A Isa e a Fera são duas onças que foram resgatadas em Corumbá (MS) em junho de 2014, quando tinham aproximadamente 3 meses de idade. A mãe delas, cruzou o Rio Paraguai com as duas filhotes, na divisa entre o Brasil e a Bolívia, e para descansar da travessia, subiu numa árvore com as suas crias. Mas, como o centro urbano de Corumbá se estende até as margens do rio (Imagem 01), essa árvore se localizava na propriedade de um morador, o qual se assustou ao ver três onças-pintadas no seu quintal. Na tentativa de resgatar essa onça para removê-la de lá, a mãe da Isa e da Fera acidentalmente morreu. As duas filhotes foram então anestesiadas e transferidas para o Centro de Reabilitação de Animais Silvestres (CRAS) de Campo Grande (MS), onde permaneceram sob os devidos cuidados em um pequeno recinto por 9 meses. Após conversas e planejamentos sobre o destino dessas irmãs, elas foram transferidas para o Mantenedor Santa Rosa (Itapira, SP), já com boa infraestrutura e menor contato com seres humanos, já visando a reintrodução das duas irmãs na natureza.

Imagem 01 – Cidade de Corumbá nas margens do Rio Paraguai. Foto: IPHAN/Nabil Bonduki

 

Chegada no Refúgio Ecológico Caiman

Em julho de 2015, a Isa e a Fera finalmente desembarcaram no Refúgio Ecológico Caiman (REC), onde um recinto de 10.000 m2 (equivalente a um campo de futebol) foi planejado e construído no meio do Pantanal Sul especialmente para a reintrodução das duas órfãs (Imagem 02). Lá, graças aos esforços das equipes do Onçafari, Cenap/ICMBio e IMASUL, e com a ajuda de vários colaboradores, elas aprenderam a reconhecer as suas presas naturais (jacarés, queixadas, capivaras, entre outros), a caçar, a vocalizar e a interagir com onças de vida livre (ainda através das telas do recinto). Eram muitas incertezas que permeavam essa tentativa ousada de reintrodução. Segundo Leonardo Sartorello, biólogo, coordenador de reintrodução do Onçafari e um dos autores do artigo, “uma das preocupações era se o processo de treinamento com presas vivas realmente iria funcionar e se, depois da soltura, as duas iriam conseguir caçar em vida livre”.

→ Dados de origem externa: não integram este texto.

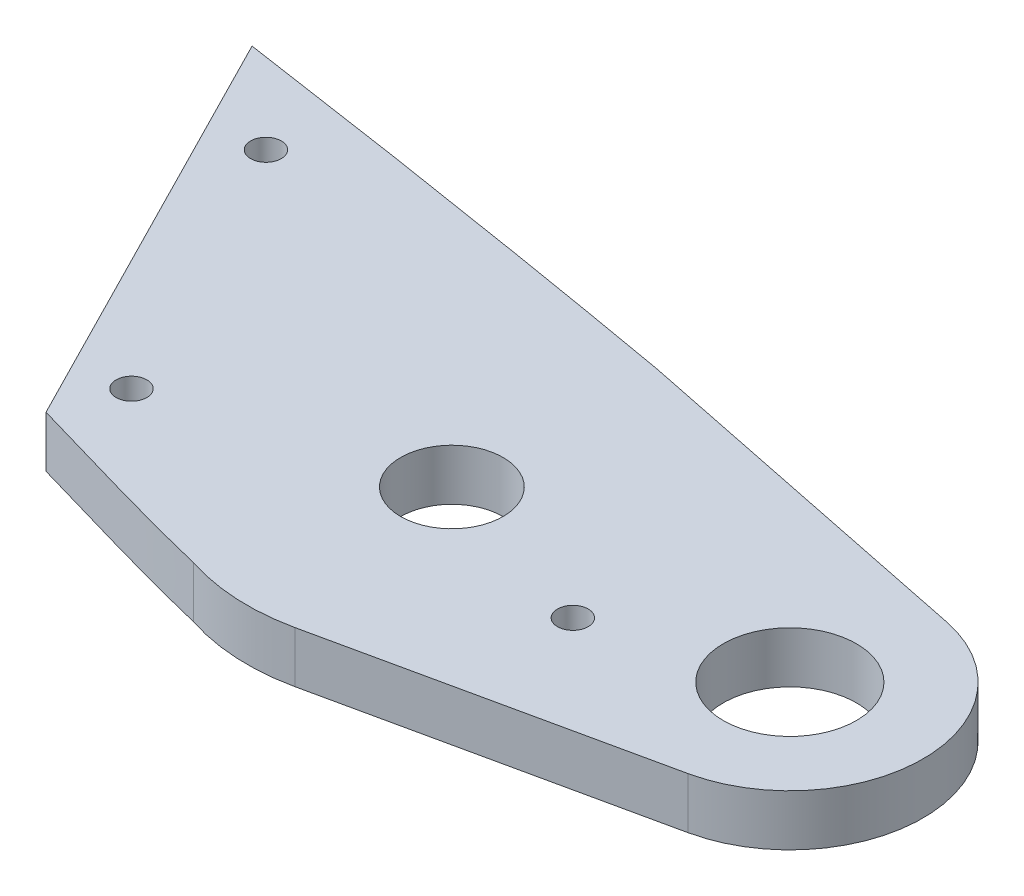
ISO-10303-21;
HEADER;
FILE_DESCRIPTION(('STEP AP214'),'2;1');
FILE_NAME('part.step','',(''),(''),'','','');
FILE_SCHEMA(('AUTOMOTIVE_DESIGN { 1 0 10303 214 1 1 1 1 }'));
ENDSEC;
DATA;
#1=APPLICATION_CONTEXT('core data for automotive mechanical design processes');
#2=APPLICATION_PROTOCOL_DEFINITION('international standard','automotive_design',2000,#1);
#3=PRODUCT_CONTEXT('',#1,'mechanical');
#4=PRODUCT('Part','Part','',(#3));
#5=PRODUCT_RELATED_PRODUCT_CATEGORY('part','',(#4));
#6=PRODUCT_DEFINITION_FORMATION('','',#4);
#7=PRODUCT_DEFINITION_CONTEXT('part definition',#1,'design');
#8=PRODUCT_DEFINITION('design','',#6,#7);
#9=PRODUCT_DEFINITION_SHAPE('','',#8);
#10=(LENGTH_UNIT() NAMED_UNIT(*) SI_UNIT(.MILLI.,.METRE.));
#11=(NAMED_UNIT(*) PLANE_ANGLE_UNIT() SI_UNIT($,.RADIAN.));
#12=(NAMED_UNIT(*) SI_UNIT($,.STERADIAN.) SOLID_ANGLE_UNIT());
#13=UNCERTAINTY_MEASURE_WITH_UNIT(LENGTH_MEASURE(1.E-05),#10,'distance_accuracy_value','');
#14=(GEOMETRIC_REPRESENTATION_CONTEXT(3) GLOBAL_UNCERTAINTY_ASSIGNED_CONTEXT((#13)) GLOBAL_UNIT_ASSIGNED_CONTEXT((#10,
#11,#12)) REPRESENTATION_CONTEXT('',''));
#15=CARTESIAN_POINT('',(0.,0.,0.));
#16=DIRECTION('',(0.,0.,1.));
#17=DIRECTION('',(1.,0.,0.));
#18=AXIS2_PLACEMENT_3D('',#15,#16,#17);
#19=CARTESIAN_POINT('',(4.24242424242424,-20.,19.5448672686026));
#20=DIRECTION('',(0.212121212121212,0.,0.977243363430127));
#21=DIRECTION('',(0.977243363430127,0.,-0.212121212121212));
#22=AXIS2_PLACEMENT_3D('',#19,#20,#21);
#23=PLANE('',#22);
#24=DIRECTION('',(0.,1.,0.));
#25=VECTOR('',#24,1.);
#26=CARTESIAN_POINT('',(35.7575757575758,-20.,12.7041637245917));
#27=LINE('',#26,#25);
#28=CARTESIAN_POINT('',(35.7575757575758,-20.,12.7041637245917));
#29=VERTEX_POINT('',#28);
#30=CARTESIAN_POINT('',(35.7575757575758,-15.,12.7041637245917));
#31=VERTEX_POINT('',#30);
#32=EDGE_CURVE('E314',#29,#31,#27,.T.);
#33=ORIENTED_EDGE('',*,*,#32,.T.);
#34=DIRECTION('',(-0.977243363430127,0.,0.212121212121212));
#35=VECTOR('',#34,1.);
#36=CARTESIAN_POINT('',(4.24242424242424,-15.,19.5448672686026));
#37=LINE('',#36,#35);
#38=CARTESIAN_POINT('',(4.24242424242424,-15.,19.5448672686026));
#39=VERTEX_POINT('',#38);
#40=EDGE_CURVE('E315',#31,#39,#37,.T.);
#41=ORIENTED_EDGE('',*,*,#40,.T.);
#42=DIRECTION('',(0.,1.,0.));
#43=VECTOR('',#42,1.);
#44=CARTESIAN_POINT('',(4.24242424242424,-20.,19.5448672686026));
#45=LINE('',#44,#43);
#46=CARTESIAN_POINT('',(4.24242424242424,-20.,19.5448672686026));
#47=VERTEX_POINT('',#46);
#48=EDGE_CURVE('E12',#47,#39,#45,.T.);
#49=ORIENTED_EDGE('',*,*,#48,.F.);
#50=DIRECTION('',(0.977243363430127,0.,-0.212121212121212));
#51=VECTOR('',#50,1.);
#52=CARTESIAN_POINT('',(4.24242424242424,-20.,19.5448672686026));
#53=LINE('',#52,#51);
#54=EDGE_CURVE('E316',#47,#29,#53,.T.);
#55=ORIENTED_EDGE('',*,*,#54,.T.);
#56=EDGE_LOOP('',(#33,#41,#49,#55));
#57=FACE_BOUND('',#56,.T.);
#58=ADVANCED_FACE('F183',(#57),#23,.T.);
#59=CARTESIAN_POINT('',(0.,-20.,0.));
#60=DIRECTION('',(0.,1.,0.));
#61=DIRECTION('',(0.,0.,1.));
#62=AXIS2_PLACEMENT_3D('',#59,#60,#61);
#63=CYLINDRICAL_SURFACE('',#62,20.);
#64=ORIENTED_EDGE('',*,*,#48,.T.);
#65=CARTESIAN_POINT('',(0.,-15.,0.));
#66=DIRECTION('',(0.,1.,0.));
#67=DIRECTION('',(0.,0.,1.));
#68=AXIS2_PLACEMENT_3D('',#65,#66,#67);
#69=CIRCLE('',#68,20.);
#70=CARTESIAN_POINT('',(-6.20287959444665,-15.,19.013791961016));
#71=VERTEX_POINT('',#70);
#72=EDGE_CURVE('E349',#39,#71,#69,.F.);
#73=ORIENTED_EDGE('',*,*,#72,.T.);
#74=DIRECTION('',(0.,1.,0.));
#75=VECTOR('',#74,1.);
#76=CARTESIAN_POINT('',(-6.20287959444665,-20.,19.013791961016));
#77=LINE('',#76,#75);
#78=CARTESIAN_POINT('',(-6.20287959444665,-20.,19.013791961016));
#79=VERTEX_POINT('',#78);
#80=EDGE_CURVE('E193',#79,#71,#77,.T.);
#81=ORIENTED_EDGE('',*,*,#80,.F.);
#82=CARTESIAN_POINT('',(0.,-20.,0.));
#83=DIRECTION('',(0.,1.,0.));
#84=DIRECTION('',(0.,0.,1.));
#85=AXIS2_PLACEMENT_3D('',#82,#83,#84);
#86=CIRCLE('',#85,20.);
#87=EDGE_CURVE('E264',#79,#47,#86,.T.);
#88=ORIENTED_EDGE('',*,*,#87,.T.);
#89=EDGE_LOOP('',(#64,#73,#81,#88));
#90=FACE_BOUND('',#89,.T.);
#91=ADVANCED_FACE('F288',(#90),#63,.T.);
#92=CARTESIAN_POINT('',(3.91711620015493,-20.,-19.2008804293113));
#93=DIRECTION('',(-0.199889916039891,0.,0.97981836146582));
#94=DIRECTION('',(0.97981836146582,0.,0.199889916039891));
#95=AXIS2_PLACEMENT_3D('',#92,#93,#94);
#96=PLANE('',#95);
#97=DIRECTION('',(-0.97981836146582,0.,-0.199889916039891));
#98=VECTOR('',#97,1.);
#99=CARTESIAN_POINT('',(3.91711620015493,-15.,-19.2008804293113));
#100=LINE('',#99,#98);
#101=CARTESIAN_POINT('',(35.5985689085186,-15.,-12.7376386990557));
#102=VERTEX_POINT('',#101);
#103=CARTESIAN_POINT('',(0.,-15.,-20.));
#104=VERTEX_POINT('',#103);
#105=EDGE_CURVE('E358',#102,#104,#100,.T.);
#106=ORIENTED_EDGE('',*,*,#105,.F.);
#107=DIRECTION('',(0.,1.,0.));
#108=VECTOR('',#107,1.);
#109=CARTESIAN_POINT('',(35.5985689085186,-20.,-12.7376386990557));
#110=LINE('',#109,#108);
#111=CARTESIAN_POINT('',(35.5985689085186,-20.,-12.7376386990557));
#112=VERTEX_POINT('',#111);
#113=EDGE_CURVE('E320',#112,#102,#110,.T.);
#114=ORIENTED_EDGE('',*,*,#113,.F.);
#115=DIRECTION('',(0.97981836146582,0.,0.199889916039891));
#116=VECTOR('',#115,1.);
#117=CARTESIAN_POINT('',(3.91711620015493,-20.,-19.2008804293113));
#118=LINE('',#117,#116);
#119=CARTESIAN_POINT('',(0.,-20.,-20.));
#120=VERTEX_POINT('',#119);
#121=EDGE_CURVE('E269',#120,#112,#118,.T.);
#122=ORIENTED_EDGE('',*,*,#121,.F.);
#123=DIRECTION('',(0.,1.,0.));
#124=VECTOR('',#123,1.);
#125=CARTESIAN_POINT('',(0.,-20.,-20.));
#126=LINE('',#125,#124);
#127=EDGE_CURVE('E323',#120,#104,#126,.T.);
#128=ORIENTED_EDGE('',*,*,#127,.T.);
#129=EDGE_LOOP('',(#106,#114,#122,#128));
#130=FACE_BOUND('',#129,.T.);
#131=ADVANCED_FACE('F293',(#130),#96,.F.);
#132=CARTESIAN_POINT('',(0.,-20.,0.));
#133=DIRECTION('',(0.,1.,0.));
#134=DIRECTION('',(0.,0.,1.));
#135=AXIS2_PLACEMENT_3D('',#132,#133,#134);
#136=CYLINDRICAL_SURFACE('',#135,5.);
#137=CARTESIAN_POINT('',(0.,-20.,0.));
#138=DIRECTION('',(0.,1.,0.));
#139=DIRECTION('',(0.,0.,1.));
#140=AXIS2_PLACEMENT_3D('',#137,#138,#139);
#141=CIRCLE('',#140,5.);
#142=CARTESIAN_POINT('',(0.,-20.,5.));
#143=VERTEX_POINT('',#142);
#144=EDGE_CURVE('E267',#143,#143,#141,.T.);
#145=ORIENTED_EDGE('',*,*,#144,.F.);
#146=EDGE_LOOP('',(#145));
#147=FACE_BOUND('',#146,.T.);
#148=CARTESIAN_POINT('',(0.,-15.,0.));
#149=DIRECTION('',(0.,1.,0.));
#150=DIRECTION('',(0.,0.,1.));
#151=AXIS2_PLACEMENT_3D('',#148,#149,#150);
#152=CIRCLE('',#151,5.);
#153=CARTESIAN_POINT('',(0.,-15.,5.));
#154=VERTEX_POINT('',#153);
#155=EDGE_CURVE('E348',#154,#154,#152,.F.);
#156=ORIENTED_EDGE('',*,*,#155,.F.);
#157=EDGE_LOOP('',(#156));
#158=FACE_BOUND('',#157,.T.);
#159=ADVANCED_FACE('F295',(#147,#158),#136,.F.);
#160=CARTESIAN_POINT('',(33.,-20.,0.));
#161=DIRECTION('',(0.,1.,0.));
#162=DIRECTION('',(0.,0.,1.));
#163=AXIS2_PLACEMENT_3D('',#160,#161,#162);
#164=CYLINDRICAL_SURFACE('',#163,13.);
#165=ORIENTED_EDGE('',*,*,#113,.T.);
#166=CARTESIAN_POINT('',(33.,-15.,0.));
#167=DIRECTION('',(0.,1.,0.));
#168=DIRECTION('',(0.,0.,1.));
#169=AXIS2_PLACEMENT_3D('',#166,#167,#168);
#170=CIRCLE('',#169,13.);
#171=EDGE_CURVE('E332',#102,#31,#170,.F.);
#172=ORIENTED_EDGE('',*,*,#171,.T.);
#173=ORIENTED_EDGE('',*,*,#32,.F.);
#174=CARTESIAN_POINT('',(33.,-20.,0.));
#175=DIRECTION('',(0.,1.,0.));
#176=DIRECTION('',(0.,0.,1.));
#177=AXIS2_PLACEMENT_3D('',#174,#175,#176);
#178=CIRCLE('',#177,13.);
#179=EDGE_CURVE('E372',#29,#112,#178,.T.);
#180=ORIENTED_EDGE('',*,*,#179,.T.);
#181=EDGE_LOOP('',(#165,#172,#173,#180));
#182=FACE_BOUND('',#181,.T.);
#183=ADVANCED_FACE('F297',(#182),#164,.T.);
#184=CARTESIAN_POINT('',(33.,-20.,0.));
#185=DIRECTION('',(0.,1.,0.));
#186=DIRECTION('',(0.,0.,1.));
#187=AXIS2_PLACEMENT_3D('',#184,#185,#186);
#188=CYLINDRICAL_SURFACE('',#187,6.5);
#189=CARTESIAN_POINT('',(33.,-20.,0.));
#190=DIRECTION('',(0.,1.,0.));
#191=DIRECTION('',(0.,0.,1.));
#192=AXIS2_PLACEMENT_3D('',#189,#190,#191);
#193=CIRCLE('',#192,6.5);
#194=CARTESIAN_POINT('',(33.,-20.,6.5));
#195=VERTEX_POINT('',#194);
#196=EDGE_CURVE('E321',#195,#195,#193,.T.);
#197=ORIENTED_EDGE('',*,*,#196,.F.);
#198=EDGE_LOOP('',(#197));
#199=FACE_BOUND('',#198,.T.);
#200=CARTESIAN_POINT('',(33.,-15.,0.));
#201=DIRECTION('',(0.,1.,0.));
#202=DIRECTION('',(0.,0.,1.));
#203=AXIS2_PLACEMENT_3D('',#200,#201,#202);
#204=CIRCLE('',#203,6.5);
#205=CARTESIAN_POINT('',(33.,-15.,6.5));
#206=VERTEX_POINT('',#205);
#207=EDGE_CURVE('E329',#206,#206,#204,.F.);
#208=ORIENTED_EDGE('',*,*,#207,.F.);
#209=EDGE_LOOP('',(#208));
#210=FACE_BOUND('',#209,.T.);
#211=ADVANCED_FACE('F287',(#199,#210),#188,.F.);
#212=CARTESIAN_POINT('',(-271.715728752538,-20.,28.2842712474621));
#213=CARTESIAN_POINT('',(-189.219937614107,-20.,-54.211519890968));
#214=CARTESIAN_POINT('',(-19.999999999985,-20.,20.0000000000001));
#215=CARTESIAN_POINT('',(0.,-20.,20.));
#216=B_SPLINE_CURVE_WITH_KNOTS('',3,(#212,#213,#214,#215),.UNSPECIFIED.,.F.,.F.,(4,4),(0.,1.),.UNSPECIFIED.);
#217=DIRECTION('',(0.,1.,0.));
#218=VECTOR('',#217,1.);
#219=SURFACE_OF_LINEAR_EXTRUSION('',#216,#218);
#220=DIRECTION('',(0.,1.,0.));
#221=VECTOR('',#220,1.);
#222=CARTESIAN_POINT('',(-26.1376583175019,-30.,13.489817143929));
#223=LINE('',#222,#221);
#224=CARTESIAN_POINT('',(-26.1376583175019,-20.,13.489817143929));
#225=VERTEX_POINT('',#224);
#226=CARTESIAN_POINT('',(-26.1376583175026,-15.,13.4898171439276));
#227=VERTEX_POINT('',#226);
#228=EDGE_CURVE('E248',#225,#227,#223,.T.);
#229=ORIENTED_EDGE('',*,*,#228,.F.);
#230=EDGE_CURVE('E207',#225,#79,#216,.T.);
#231=ORIENTED_EDGE('',*,*,#230,.T.);
#232=ORIENTED_EDGE('',*,*,#80,.T.);
#233=CARTESIAN_POINT('',(-271.715728752538,-15.,28.2842712474621));
#234=CARTESIAN_POINT('',(-189.219937614107,-15.,-54.211519890968));
#235=CARTESIAN_POINT('',(-19.999999999985,-15.,20.0000000000001));
#236=CARTESIAN_POINT('',(0.,-15.,20.));
#237=B_SPLINE_CURVE_WITH_KNOTS('',3,(#233,#234,#235,#236),.UNSPECIFIED.,.F.,.F.,(4,4),(0.,1.),.UNSPECIFIED.);
#238=EDGE_CURVE('E258',#71,#227,#237,.F.);
#239=ORIENTED_EDGE('',*,*,#238,.T.);
#240=EDGE_LOOP('',(#229,#231,#232,#239));
#241=FACE_BOUND('',#240,.T.);
#242=ADVANCED_FACE('F257',(#241),#219,.T.);
#243=CARTESIAN_POINT('',(-328.284271247462,-20.,-28.284271247462));
#244=CARTESIAN_POINT('',(-300.,-20.,-56.5685424949237));
#245=CARTESIAN_POINT('',(-114.87313182139,-20.,-40.3782898364082));
#246=CARTESIAN_POINT('',(3.06083510061379E-13,-20.,-19.9999999999999));
#247=B_SPLINE_CURVE_WITH_KNOTS('',3,(#243,#244,#245,#246),.UNSPECIFIED.,.F.,.F.,(4,4),(0.,1.),.UNSPECIFIED.);
#248=DIRECTION('',(0.,1.,0.));
#249=VECTOR('',#248,1.);
#250=SURFACE_OF_LINEAR_EXTRUSION('',#247,#249);
#251=CARTESIAN_POINT('',(-47.0370499959522,-20.,-27.5275485228644));
#252=VERTEX_POINT('',#251);
#253=EDGE_CURVE('E265',#252,#120,#247,.T.);
#254=ORIENTED_EDGE('',*,*,#253,.F.);
#255=DIRECTION('',(0.,1.,0.));
#256=VECTOR('',#255,1.);
#257=CARTESIAN_POINT('',(-47.0370499959522,-30.,-27.5275485228644));
#258=LINE('',#257,#256);
#259=CARTESIAN_POINT('',(-47.0370499959522,-15.,-27.5275485228644));
#260=VERTEX_POINT('',#259);
#261=EDGE_CURVE('E251',#252,#260,#258,.T.);
#262=ORIENTED_EDGE('',*,*,#261,.T.);
#263=CARTESIAN_POINT('',(-328.284271247462,-15.,-28.284271247462));
#264=CARTESIAN_POINT('',(-300.,-15.,-56.5685424949237));
#265=CARTESIAN_POINT('',(-114.87313182139,-15.,-40.3782898364082));
#266=CARTESIAN_POINT('',(3.06083510061379E-13,-15.,-19.9999999999999));
#267=B_SPLINE_CURVE_WITH_KNOTS('',3,(#263,#264,#265,#266),.UNSPECIFIED.,.F.,.F.,(4,4),(0.,1.),.UNSPECIFIED.);
#268=EDGE_CURVE('E353',#104,#260,#267,.F.);
#269=ORIENTED_EDGE('',*,*,#268,.F.);
#270=ORIENTED_EDGE('',*,*,#127,.F.);
#271=EDGE_LOOP('',(#254,#262,#269,#270));
#272=FACE_BOUND('',#271,.T.);
#273=ADVANCED_FACE('F286',(#272),#250,.F.);
#274=CARTESIAN_POINT('',(0.,-20.,0.));
#275=DIRECTION('',(0.,1.,0.));
#276=DIRECTION('',(0.,0.,1.));
#277=AXIS2_PLACEMENT_3D('',#274,#275,#276);
#278=PLANE('',#277);
#279=CARTESIAN_POINT('',(-37.5886921442137,-20.,-19.4367073700558));
#280=DIRECTION('',(0.,-1.,0.));
#281=DIRECTION('',(0.,0.,-1.));
#282=AXIS2_PLACEMENT_3D('',#279,#280,#281);
#283=CIRCLE('',#282,1.50000000000111);
#284=CARTESIAN_POINT('',(-37.5886921442137,-20.,-20.9367073700569));
#285=VERTEX_POINT('',#284);
#286=EDGE_CURVE('E254',#285,#285,#283,.T.);
#287=ORIENTED_EDGE('',*,*,#286,.F.);
#288=EDGE_LOOP('',(#287));
#289=FACE_BOUND('',#288,.T.);
#290=CARTESIAN_POINT('',(16.9711800873128,-20.,5.15904299319243));
#291=DIRECTION('',(0.,-1.,0.));
#292=DIRECTION('',(0.,0.,-1.));
#293=AXIS2_PLACEMENT_3D('',#290,#291,#292);
#294=CIRCLE('',#293,1.5);
#295=CARTESIAN_POINT('',(16.9711800873128,-20.,3.65904299319243));
#296=VERTEX_POINT('',#295);
#297=EDGE_CURVE('E513',#296,#296,#294,.T.);
#298=ORIENTED_EDGE('',*,*,#297,.F.);
#299=EDGE_LOOP('',(#298));
#300=FACE_BOUND('',#299,.T.);
#301=CARTESIAN_POINT('',(-23.9507725885606,-20.,7.32921682310345));
#302=DIRECTION('',(0.,-1.,0.));
#303=DIRECTION('',(0.,0.,-1.));
#304=AXIS2_PLACEMENT_3D('',#301,#302,#303);
#305=CIRCLE('',#304,1.50000000000111);
#306=CARTESIAN_POINT('',(-23.9507725885606,-20.,5.82921682310234));
#307=VERTEX_POINT('',#306);
#308=EDGE_CURVE('E338',#307,#307,#305,.T.);
#309=ORIENTED_EDGE('',*,*,#308,.F.);
#310=EDGE_LOOP('',(#309));
#311=FACE_BOUND('',#310,.T.);
#312=ORIENTED_EDGE('',*,*,#230,.F.);
#313=DIRECTION('',(-0.453990499739548,0.,-0.891006524188367));
#314=VECTOR('',#313,1.);
#315=CARTESIAN_POINT('',(-26.2072398632191,-20.,13.3532556713151));
#316=LINE('',#315,#314);
#317=EDGE_CURVE('E246',#225,#252,#316,.T.);
#318=ORIENTED_EDGE('',*,*,#317,.T.);
#319=ORIENTED_EDGE('',*,*,#253,.T.);
#320=ORIENTED_EDGE('',*,*,#121,.T.);
#321=ORIENTED_EDGE('',*,*,#179,.F.);
#322=ORIENTED_EDGE('',*,*,#54,.F.);
#323=ORIENTED_EDGE('',*,*,#87,.F.);
#324=EDGE_LOOP('',(#312,#318,#319,#320,#321,#322,#323));
#325=FACE_BOUND('',#324,.T.);
#326=ORIENTED_EDGE('',*,*,#196,.T.);
#327=EDGE_LOOP('',(#326));
#328=FACE_BOUND('',#327,.T.);
#329=ORIENTED_EDGE('',*,*,#144,.T.);
#330=EDGE_LOOP('',(#329));
#331=FACE_BOUND('',#330,.T.);
#332=ADVANCED_FACE('F261',(#289,#300,#311,#325,#328,#331),#278,.F.);
#333=CARTESIAN_POINT('',(0.,-15.,0.));
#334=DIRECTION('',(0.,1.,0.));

Imagem 02 – Recinto de reintrodução com 10.000 m2 construído no Refúgio Ecológico Caiman. Foto: Edu Fragoso

Soltura

Em 2016, as duas onças estavam plenamente aptas à soltura, caçando com sucesso todas as principais presas que encontrariam em liberdade e desenvolvendo os comportamentos executados por verdadeiras onças selvagens. Então, em maio de 2016, elas foram anestesiadas para avaliação clínica, colocação de colares de monitoramento GPS e coleta de amostras biológicas. Todos os exames realizados deram negativo para a presença de parasitas e doenças infecciosas, ou seja, ambas estavam saudáveis e prontas para a soltura. Após menos de 11 meses vivendo no recinto do REC, no dia 9 de junho de 2016, agora com pouco mais de 2 anos de idade, os portões do recinto foram abertos e a Isa e a Fera retornaram à liberdade, tendo novamente a planície pantaneira como lar (Vídeo 01 e Vídeo 02).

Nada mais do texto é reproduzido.